Quello dei pubblici esercizi è uno dei settori che avrà bisogno di tempi più lunghi per ripartire, vuoi per la mancanza di turisti, vuoi per la paura del contagio – che spingerà molti a restare a casa magari consumando cibo acquistato nei ristoranti -, vuoi per il fatto che i protocolli da seguire sono arrivati in ritardo estremo e le imprese si stanno adeguando con fatica. Devono tutte ricalibrare standard operativi e strategie aziendali. Punteranno sulle prenotazioni obbligatorie, molte rafforzeranno i servizi di consegna a domicilio e il “take away” per venire incontro alle richieste sempre più numerose in questa direzione. Per la bella stagione, la chiave sarà poter contare su spazi gratuiti all’aperto, utili ad ampliare la capienza ora molto limitata dei locali alla luce delle regole sul distanziamento. Per i clienti sarà un modo per sentirsi più sicuri e per le nostre città un modo per mantenersi vive ed accoglienti. Lo stile di vita italiano, quello che ci ha reso famosi in tutto il mondo, è fatto di riti sociali che hanno come scenario ideale i pubblici esercizi: penso al caffè al bar, all’aperitivo, alla cena fuori. Per questo dobbiamo difendere queste imprese, ora messe così in crisi, esattamente come difendiamo i nostri capolavori d’arte. I turisti che vengono a Firenze oltre alla visita agli Uffizi vogliono assaggiare una bistecca o fare shopping. Ecco perché bar e ristoranti hanno un valore sociale e culturale oltre che economico.

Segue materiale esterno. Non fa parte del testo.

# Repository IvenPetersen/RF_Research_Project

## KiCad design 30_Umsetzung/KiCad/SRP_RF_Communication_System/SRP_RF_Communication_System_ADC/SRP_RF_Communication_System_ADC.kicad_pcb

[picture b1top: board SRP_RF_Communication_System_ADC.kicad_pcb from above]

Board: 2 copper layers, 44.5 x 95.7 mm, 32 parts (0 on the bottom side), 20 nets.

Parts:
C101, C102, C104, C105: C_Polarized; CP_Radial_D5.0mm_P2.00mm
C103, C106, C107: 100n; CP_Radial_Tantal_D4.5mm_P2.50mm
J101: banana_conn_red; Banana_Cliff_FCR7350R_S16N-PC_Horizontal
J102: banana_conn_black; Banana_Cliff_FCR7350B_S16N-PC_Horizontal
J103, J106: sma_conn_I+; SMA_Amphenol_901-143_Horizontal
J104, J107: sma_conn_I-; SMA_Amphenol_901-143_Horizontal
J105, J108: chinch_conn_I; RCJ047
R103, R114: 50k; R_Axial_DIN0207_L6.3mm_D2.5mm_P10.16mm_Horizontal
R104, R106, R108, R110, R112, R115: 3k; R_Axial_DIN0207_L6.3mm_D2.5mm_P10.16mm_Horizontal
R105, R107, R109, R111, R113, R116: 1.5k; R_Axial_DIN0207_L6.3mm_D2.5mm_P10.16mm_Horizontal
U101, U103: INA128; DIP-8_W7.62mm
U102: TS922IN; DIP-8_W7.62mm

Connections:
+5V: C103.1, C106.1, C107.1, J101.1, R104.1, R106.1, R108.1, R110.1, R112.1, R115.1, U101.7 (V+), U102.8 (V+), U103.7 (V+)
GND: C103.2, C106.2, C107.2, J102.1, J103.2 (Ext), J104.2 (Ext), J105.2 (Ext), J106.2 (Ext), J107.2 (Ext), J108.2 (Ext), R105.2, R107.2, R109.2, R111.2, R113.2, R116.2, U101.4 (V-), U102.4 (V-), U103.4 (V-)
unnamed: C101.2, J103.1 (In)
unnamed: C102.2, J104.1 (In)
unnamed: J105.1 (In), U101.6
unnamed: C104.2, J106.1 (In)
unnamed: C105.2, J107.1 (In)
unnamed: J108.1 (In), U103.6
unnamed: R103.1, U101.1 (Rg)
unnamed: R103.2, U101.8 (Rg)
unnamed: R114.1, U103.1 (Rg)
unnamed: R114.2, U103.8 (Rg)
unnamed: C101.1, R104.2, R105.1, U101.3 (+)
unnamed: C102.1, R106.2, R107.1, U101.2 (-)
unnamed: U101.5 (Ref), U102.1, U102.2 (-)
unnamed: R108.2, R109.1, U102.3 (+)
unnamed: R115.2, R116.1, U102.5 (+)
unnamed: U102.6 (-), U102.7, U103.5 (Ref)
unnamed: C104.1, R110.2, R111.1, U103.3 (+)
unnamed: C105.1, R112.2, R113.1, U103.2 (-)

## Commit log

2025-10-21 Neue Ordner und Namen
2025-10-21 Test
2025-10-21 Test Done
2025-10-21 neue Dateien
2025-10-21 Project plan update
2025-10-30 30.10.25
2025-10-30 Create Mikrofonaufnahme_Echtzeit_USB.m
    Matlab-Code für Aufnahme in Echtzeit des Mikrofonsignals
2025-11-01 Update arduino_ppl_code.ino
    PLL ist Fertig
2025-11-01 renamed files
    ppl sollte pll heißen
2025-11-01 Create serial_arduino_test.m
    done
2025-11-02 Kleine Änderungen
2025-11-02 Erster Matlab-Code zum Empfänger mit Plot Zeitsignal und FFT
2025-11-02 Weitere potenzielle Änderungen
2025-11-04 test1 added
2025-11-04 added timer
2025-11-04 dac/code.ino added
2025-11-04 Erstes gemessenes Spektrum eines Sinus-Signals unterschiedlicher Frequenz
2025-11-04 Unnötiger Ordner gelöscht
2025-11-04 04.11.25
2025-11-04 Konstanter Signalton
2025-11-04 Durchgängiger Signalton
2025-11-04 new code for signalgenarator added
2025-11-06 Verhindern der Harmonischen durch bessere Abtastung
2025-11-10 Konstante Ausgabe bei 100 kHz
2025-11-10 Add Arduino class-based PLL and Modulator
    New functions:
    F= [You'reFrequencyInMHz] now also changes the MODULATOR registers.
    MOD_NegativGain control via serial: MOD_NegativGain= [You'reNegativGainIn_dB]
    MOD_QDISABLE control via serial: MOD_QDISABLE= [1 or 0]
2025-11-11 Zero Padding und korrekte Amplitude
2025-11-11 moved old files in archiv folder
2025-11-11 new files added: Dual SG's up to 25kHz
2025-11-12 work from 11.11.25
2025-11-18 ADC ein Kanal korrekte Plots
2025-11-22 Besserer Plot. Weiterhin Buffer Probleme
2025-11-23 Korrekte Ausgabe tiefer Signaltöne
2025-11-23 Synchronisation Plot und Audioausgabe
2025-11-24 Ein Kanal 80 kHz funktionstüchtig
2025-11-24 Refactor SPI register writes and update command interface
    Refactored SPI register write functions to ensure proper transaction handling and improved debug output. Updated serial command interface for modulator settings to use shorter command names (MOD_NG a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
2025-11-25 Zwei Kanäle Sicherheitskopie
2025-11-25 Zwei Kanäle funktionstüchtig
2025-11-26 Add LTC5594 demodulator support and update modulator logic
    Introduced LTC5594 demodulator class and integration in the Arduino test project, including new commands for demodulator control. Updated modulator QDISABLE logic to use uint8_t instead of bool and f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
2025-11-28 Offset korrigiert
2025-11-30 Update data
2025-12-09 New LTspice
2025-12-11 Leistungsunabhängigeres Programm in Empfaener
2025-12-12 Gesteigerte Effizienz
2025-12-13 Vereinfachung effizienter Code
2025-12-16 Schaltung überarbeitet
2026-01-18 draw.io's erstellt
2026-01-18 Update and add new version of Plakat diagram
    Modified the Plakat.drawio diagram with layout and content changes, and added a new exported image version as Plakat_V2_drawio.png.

La promozione, prima sul mercato nazionale e poi su quello internazionale, diventa uno strumento ancor più importante per rilanciare la nostra città. Quali strumento state attivando insieme alle istituzioni fiorentine?
Con Promozione Toscana stiamo lavorando per implementare la piattaforma visittuscany.com, dove gli operatori turistici hanno la possibilità caricare gratuitamente le nuove offerte per la stagione estiva 2020. Le offerte potranno quindi beneficiare del traffico generato dalla campagna di branding dedicata al pubblico nazionale. È un primo passo, ma dobbiamo pensare subito a nuove strategie per il mercato internazionale e in questo sarà prezioso l’assist dato dalle imprese della produzione di alta qualità, le punte d’eccellenza del nostro made in Italy.
L’emergenza Covid-19 ha messo di nuovo al centro del made in Italy la grande artigianalità del nostro paese di cui Firenze è sicuramente la capitale. Che ruolo può avere e quale opportunità per la nostra la nostra Città in questo nuovo ‘umanesimo’?
Qualche storico sostiene che senza la peste del Trecento, che decimò la popolazione europea, forse non ci sarebbe mai stato lo splendore del Rinascimento. In effetti, è emblematico come dalle crisi peggiori nasca l’opportunità di trovare nuove strade, migliori di quelle conosciute. Non è purtroppo un meccanismo indolore, ma per rinascere occorre saper morire. La nostra città ha rischiato più volte di finire schiacciata dal peso del suo glorioso passato. E se questa fosse l’occasione per dimostrare che le nostre radici servono, sì, ma anche per creare un futuro nuovo, magari inaspettato? Serve dare più fiducia ai giovani, ai nuovi talenti. Il rischio, altrimenti, è di vedere scomparire quel genio che ci ha reso un valore per il mondo intero.